The pre-flight brief should not contain any major revelations. It serves to
snap in all players to the sortie content/ game plan. It also provides an opprtunity
for the instructor to confirm the student is prepared and ready to go and to ensure
the key how to points are covered.

Style, Tone and Level. It is important to be professional and motivated. This


will rub off on the student, and highlight that the instructor is personally interested in
their progress and undertanding.

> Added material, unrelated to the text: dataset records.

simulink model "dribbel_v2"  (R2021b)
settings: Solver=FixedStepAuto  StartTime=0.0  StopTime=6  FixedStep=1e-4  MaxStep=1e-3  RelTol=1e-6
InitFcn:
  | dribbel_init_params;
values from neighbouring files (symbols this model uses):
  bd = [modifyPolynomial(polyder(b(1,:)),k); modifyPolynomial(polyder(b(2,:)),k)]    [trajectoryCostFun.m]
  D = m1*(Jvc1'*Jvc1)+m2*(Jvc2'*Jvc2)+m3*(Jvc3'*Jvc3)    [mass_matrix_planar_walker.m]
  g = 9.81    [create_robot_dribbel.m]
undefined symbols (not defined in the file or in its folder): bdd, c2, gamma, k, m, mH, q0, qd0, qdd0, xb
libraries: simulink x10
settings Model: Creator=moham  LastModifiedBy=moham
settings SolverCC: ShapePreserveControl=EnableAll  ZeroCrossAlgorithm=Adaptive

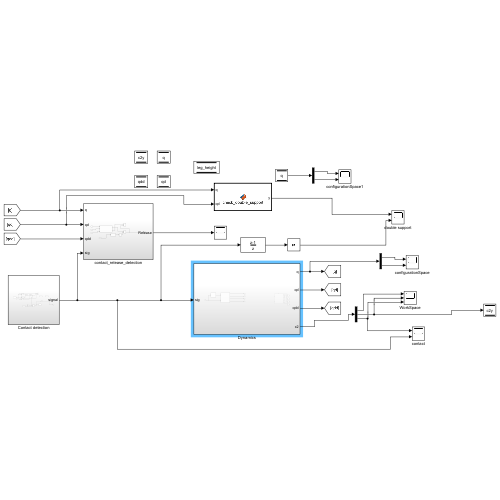
[thumbnail: Simulink's stored preview of the top-level diagram]
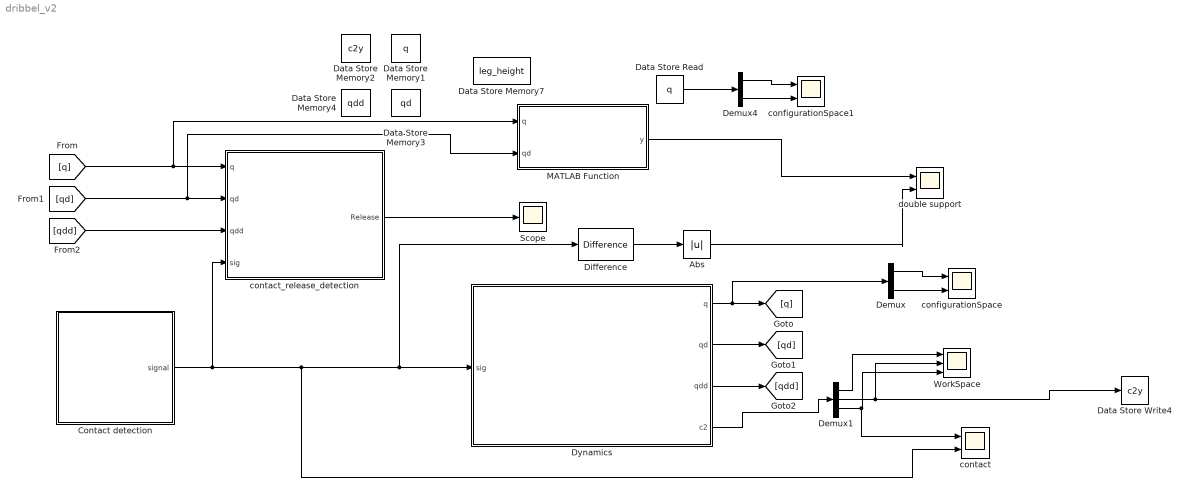
== system dribbel_v2 ==
  Abs : Abs
  Contact detection : Subsystem
  Data Store Memory1 : DataStoreMemory  DataStoreName=q  ReadBeforeWriteMsg=warning  WriteAfterWriteMsg=warning  WriteAfterReadMsg=warning  InitialValue=q0  ShowAdditionalParam=off
  Data Store Memory2 : DataStoreMemory  DataStoreName=c2y  ReadBeforeWriteMsg=warning  WriteAfterWriteMsg=warning  WriteAfterReadMsg=warning  InitialValue=c2(1,1)  ShowAdditionalParam=off
  Data Store Memory3 : DataStoreMemory  DataStoreName=qd  ReadBeforeWriteMsg=warning  WriteAfterWriteMsg=warning  WriteAfterReadMsg=warning  InitialValue=qd0  ShowAdditionalParam=off
  Data Store Memory4 : DataStoreMemory  DataStoreName=qdd  ReadBeforeWriteMsg=warning  WriteAfterWriteMsg=warning  WriteAfterReadMsg=warning  InitialValue=qd0  ShowAdditionalParam=off
  Data Store Memory7 : DataStoreMemory  DataStoreName=leg_height  ReadBeforeWriteMsg=warning  WriteAfterWriteMsg=warning  WriteAfterReadMsg=warning  ShowAdditionalParam=off
  Data Store Read : DataStoreRead  DataStoreName=q  IndexOptions=Index vector (dialog)  Indices=1  OutputSizes=1
  Data Store Write4 : DataStoreWrite  DataStoreName=c2y  IndexOptions=Index vector (dialog)  Indices=1  OutputSizes=1
  Demux : Demux  Outputs=2
  Demux1 : Demux  Outputs=3
  Demux4 : Demux  Outputs=2
  Difference : simulink/Discrete/Difference  ICPrevInput=0.0  OutMin=[]  OutMax=[]  OutDataType=fixdt(1, 16)  OutScaling=2^-10  DoSatur=off
  Dynamics : Subsystem
  MATLAB Function : MATLAB Function  TreatAsAtomicUnit=on
  Scope : Scope
  WorkSpace : Scope  NumInputPorts=3
  configurationSpace : Scope  NumInputPorts=2
  configurationSpace1 : Scope  NumInputPorts=2
  contact : Scope  NumInputPorts=2
  contact_release_detection : Subsystem
  double support : Scope  NumInputPorts=2
  wires:
  Demux1/1 -> WorkSpace/1
  Demux/2 -> configurationSpace/2
  Demux/1 -> configurationSpace/1
  Demux1/3 -> contact/1, WorkSpace/3
  Contact detection/1(signal) -> contact_release_detection/4(sig), contact/2, Difference/1, Dynamics/1(sig)
  Demux4/1 -> configurationSpace1/1
  Demux4/2 -> configurationSpace1/2
  Dynamics/1(q) -> Demux/1, [q]
  Dynamics/4(c2) -> Demux1/1
  Data Store Read/1 -> Demux4/1
  Demux1/2 -> WorkSpace/2, Data Store Write4/1
  Dynamics/2(qd) -> [qd]
  Dynamics/3(qdd) -> [qdd]
  [q] -> MATLAB Function/1(q), contact_release_detection/1(q)
  [qd] -> MATLAB Function/2(qd), contact_release_detection/2(qd)
  [qdd] -> contact_release_detection/3(qdd)
  contact_release_detection/1(Release) -> Scope/1
  MATLAB Function/1(y) -> double support/1
  Difference/1 -> Abs/1
  Abs/1 -> double support/2

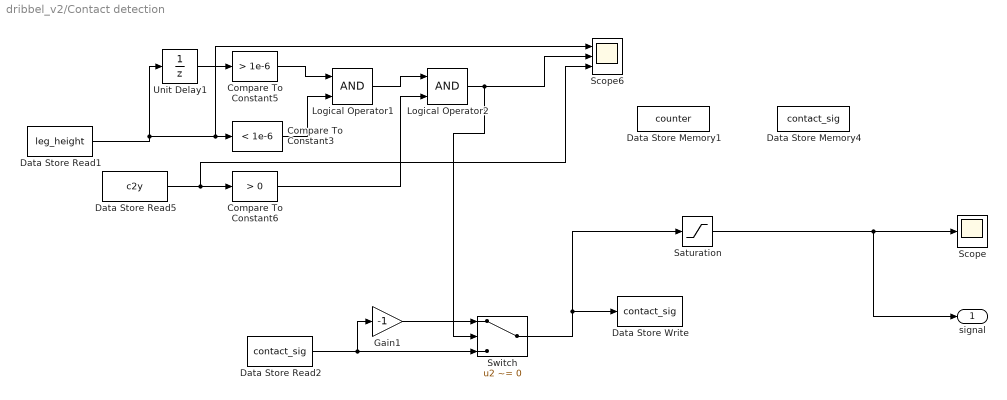
== system dribbel_v2/Contact detection ==
  Compare To Constant3 : simulink/Logic and Bit Operations/Compare To Constant  relop=<  const=1e-6  OutDataTypeStr=uint8  ZeroCross=off
  Compare To Constant5 : simulink/Logic and Bit Operations/Compare To Constant  relop=>  const=1e-6  OutDataTypeStr=uint8  ZeroCross=off
  Compare To Constant6 : simulink/Logic and Bit Operations/Compare To Constant  relop=>  const=0  OutDataTypeStr=uint8  ZeroCross=off
  Data Store Memory1 : DataStoreMemory  DataStoreName=counter  ReadBeforeWriteMsg=warning  WriteAfterWriteMsg=warning  WriteAfterReadMsg=warning  ShowAdditionalParam=off
  Data Store Memory4 : DataStoreMemory  DataStoreName=contact_sig  ReadBeforeWriteMsg=warning  WriteAfterWriteMsg=warning  WriteAfterReadMsg=warning  InitialValue=1  ShowAdditionalParam=off
  Data Store Read1 : DataStoreRead  DataStoreName=leg_height  IndexOptions=Index vector (dialog)  Indices=1  OutputSizes=1
  Data Store Read2 : DataStoreRead  DataStoreName=contact_sig  IndexOptions=Index vector (dialog)  Indices=1  OutputSizes=1
  Data Store Read5 : DataStoreRead  DataStoreName=c2y  IndexOptions=Index vector (dialog)  Indices=1  OutputSizes=1
  Data Store Write : DataStoreWrite  DataStoreName=contact_sig  IndexOptions=Index vector (dialog)  Indices=1  OutputSizes=1
  Gain1 : Gain  Gain=-1
  Logical Operator1 : Logic  AllPortsSameDT=off  OutDataTypeStr=boolean
  Logical Operator2 : Logic  AllPortsSameDT=off  OutDataTypeStr=boolean
  Saturation : Saturate  UpperLimit=1  LowerLimit=0  ZeroCross=off
  Scope : Scope
  Scope6 : Scope  NumInputPorts=3
  Switch : Switch  Criteria=u2 ~= 0  Threshold=0.5  ZeroCross=off
  Unit Delay1 : UnitDelay  SampleTime=-1  HasFrameUpgradeWarning=on
  signal : Outport
  wires:
  Gain1/1 -> Switch/1
  Data Store Read2/1 -> Gain1/1, Switch/3
  Switch/1 -> Saturation/1, Data Store Write/1
  Unit Delay1/1 -> Compare To Constant5/1
  Compare To Constant5/1 -> Logical Operator1/1
  Compare To Constant3/1 -> Logical Operator1/2
  Data Store Read5/1 -> Scope6/3, Compare To Constant6/1
  Compare To Constant6/1 -> Logical Operator2/2
  Logical Operator1/1 -> Logical Operator2/1
  Logical Operator2/1 -> Switch/2, Scope6/2
  Data Store Read1/1 -> Unit Delay1/1, Scope6/1, Compare To Constant3/1
  Saturation/1 -> signal/1, Scope/1

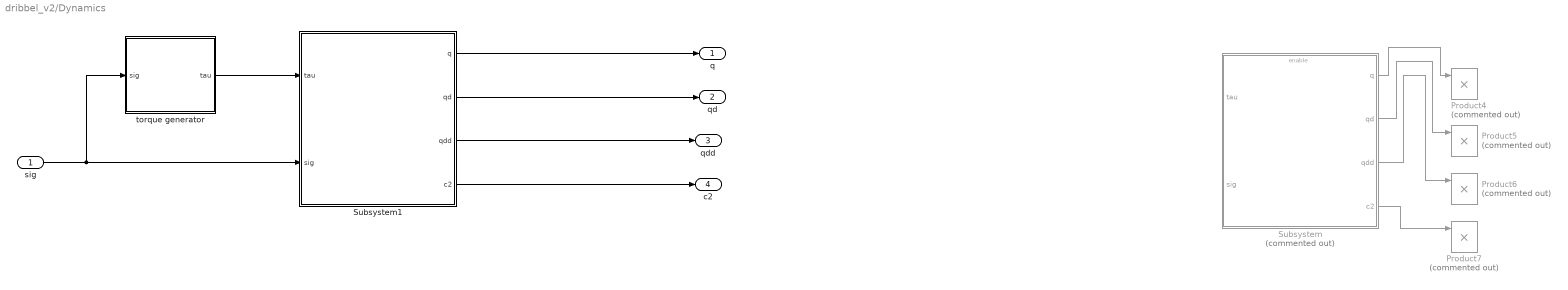
== system dribbel_v2/Dynamics ==
  sig : Inport
  Product{4..7} (4 alike) : Product  Commented=on
  Subsystem : Subsystem  Commented=on
  Subsystem1 : Subsystem
  torque generator : Subsystem
  q : Outport
  qd : Outport  Port=2
  qdd : Outport  Port=3
  c2 : Outport  Port=4
  wires:
  Subsystem1/1(q) -> q/1
  sig/1 -> torque generator/1(sig), Subsystem1/2(sig)
  Subsystem1/4(c2) -> c2/1
  Subsystem/1(q) -> Product4/1
  Subsystem/2(qd) -> Product5/1
  Subsystem/3(qdd) -> Product6/1
  Subsystem/4(c2) -> Product7/1
  Subsystem1/2(qd) -> qd/1
  Subsystem1/3(qdd) -> qdd/1
  torque generator/1(tau) -> Subsystem1/1(tau)

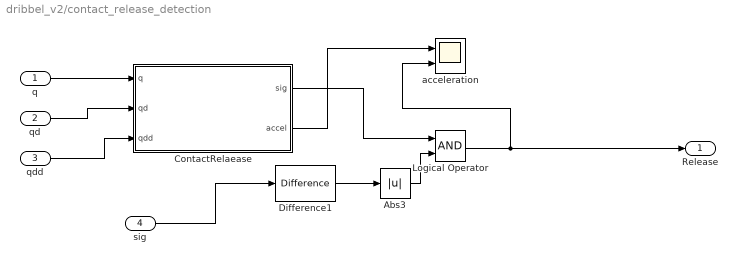
== system dribbel_v2/contact_release_detection ==
  q : Inport
  qd : Inport  Port=2
  qdd : Inport  Port=3
  sig : Inport  Port=4
  Abs3 : Abs
  ContactRelaease : Subsystem
  Difference1 : simulink/Discrete/Difference  ICPrevInput=0.0  OutMin=[]  OutMax=[]  OutDataType=fixdt(1, 16)  OutScaling=2^-10  DoSatur=off
  Logical Operator : Logic  AllPortsSameDT=off  OutDataTypeStr=boolean
  acceleration : Scope  NumInputPorts=2
  Release : Outport
  wires:
  Abs3/1 -> Logical Operator/2
  qd/1 -> ContactRelaease/2(qd)
  ContactRelaease/1(sig) -> Logical Operator/1
  q/1 -> ContactRelaease/1(q)
  Difference1/1 -> Abs3/1
  qdd/1 -> ContactRelaease/3(qdd)
  Logical Operator/1 -> acceleration/2, Release/1
  sig/1 -> Difference1/1
  ContactRelaease/2(accel) -> acceleration/1

== system dribbel_v2/Dynamics/Subsystem ==
  tau : Inport
  sig : Inport  Port=2
  Enable : EnablePort
  Dynamics1 : Subsystem
  Product : Product
  q : Outport
  qd : Outport  Port=2
  qdd : Outport  Port=3
  c2 : Outport  Port=4
  wires:
  Dynamics1/2(qd) -> qd/1
  Dynamics1/4(c2) -> c2/1
  tau/1 -> Dynamics1/2(tau)
  Dynamics1/3(qdd) -> qdd/1
  Dynamics1/1(q) -> Product/2
  Product/1 -> q/1
  sig/1 -> Product/1, Dynamics1/1(sig)

== system dribbel_v2/Dynamics/Subsystem1 ==
  tau : Inport
  sig : Inport  Port=2
  Dynamics : Subsystem
  q : Outport
  qd : Outport  Port=2
  qdd : Outport  Port=3
  c2 : Outport  Port=4
  wires:
  Dynamics/4(c2) -> c2/1
  tau/1 -> Dynamics/2(tau)
  Dynamics/2(qd) -> qd/1
  Dynamics/3(qdd) -> qdd/1
  Dynamics/1(q) -> q/1
  sig/1 -> Dynamics/1(sig)

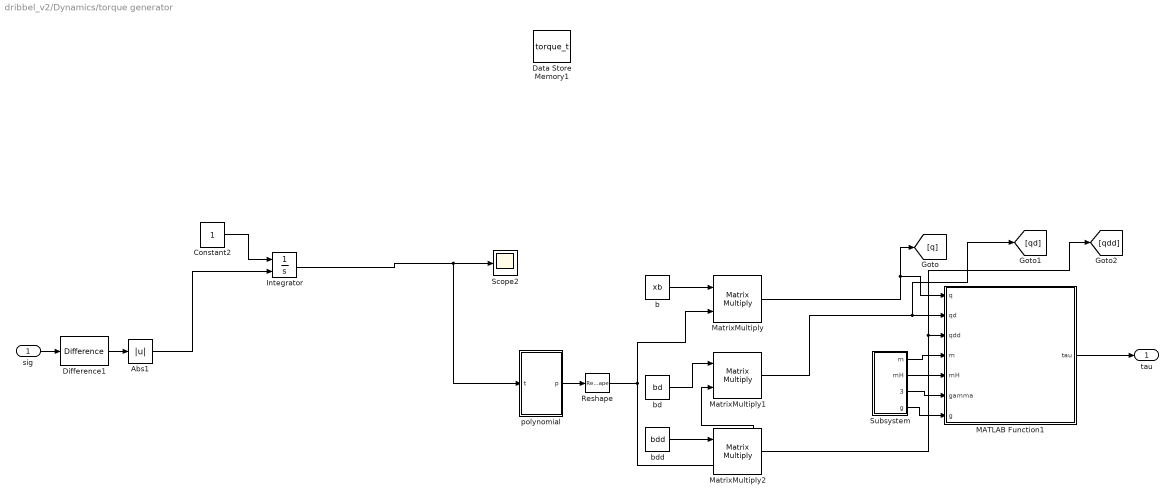
== system dribbel_v2/Dynamics/torque generator ==
  sig : Inport
  Abs1 : Abs
  Constant2 : Constant
  Data Store Memory1 : DataStoreMemory  DataStoreName=torque_t  ReadBeforeWriteMsg=warning  WriteAfterWriteMsg=warning  WriteAfterReadMsg=warning  ShowAdditionalParam=off
  Difference1 : simulink/Discrete/Difference  ICPrevInput=1  OutMin=[]  OutMax=[]  OutDataType=fixdt(1, 16)  OutScaling=2^-10  DoSatur=off
  Integrator : Integrator  ExternalReset=rising
  MATLAB Function1 : MATLAB Function  TreatAsAtomicUnit=on
  MatrixMultiply : Product  Multiplication=Matrix(*)
  MatrixMultiply1 : Product  Multiplication=Matrix(*)
  MatrixMultiply2 : Product  Multiplication=Matrix(*)
  Reshape : Reshape  OutputDimensionality=Column vector (2-D)
  Scope2 : Scope
  Subsystem : Subsystem
  b : Constant  Value=xb
  bd : Constant  Value=bd
  bdd : Constant  Value=bdd
  polynomial : Subsystem
  tau : Outport
  wires:
  bd/1 -> MatrixMultiply1/1
  bdd/1 -> MatrixMultiply2/1
  b/1 -> MatrixMultiply/1
  Subsystem/1(m) -> MATLAB Function1/4(m)
  Subsystem/2(mH) -> MATLAB Function1/5(mH)
  Subsystem/3(gamma) -> MATLAB Function1/6(gamma)
  Subsystem/4(g) -> MATLAB Function1/7(g)
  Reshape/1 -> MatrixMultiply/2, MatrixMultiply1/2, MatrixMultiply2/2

Your tone of voice should be clear, confident and
affable.

4. Pre-flight brief sequences.

When delivering a pre-flight brief the usual sequence of events is as follows :

a. Relax the student. Talk for a moent about matters not necessarily
with the trip, eg how was your weekend? ; did you enjoy your first flight
yesterday?; etc. Another method is to inroduce thesubject matter in a very
general manner, eg Hi, Bloggs, yesterday you saw how we flew a circuit out
in the area. Today were going to put that practice into action by flying
circuits here at the airfield.

b. Introduction. Use the aim to fully introduce the sequence involved.


Spend time if necessary to ensure the student understand the purpose of the
trip, and what skills are expected of him by the end of the sortie. The aim
should reflect the training outcomes of the sortie. Give the aim meaning in
the overall context of becoming a military pilot, eg, why do we need to know
how to manouvre on the buffet?

c. Airmanship. Relate airmanship points directly to the sequences to be


covered.

d. Considerations. Be brief when discussing the considerations, ie


pertinent points only. Ask if the student has any questions after presenting
each sequence.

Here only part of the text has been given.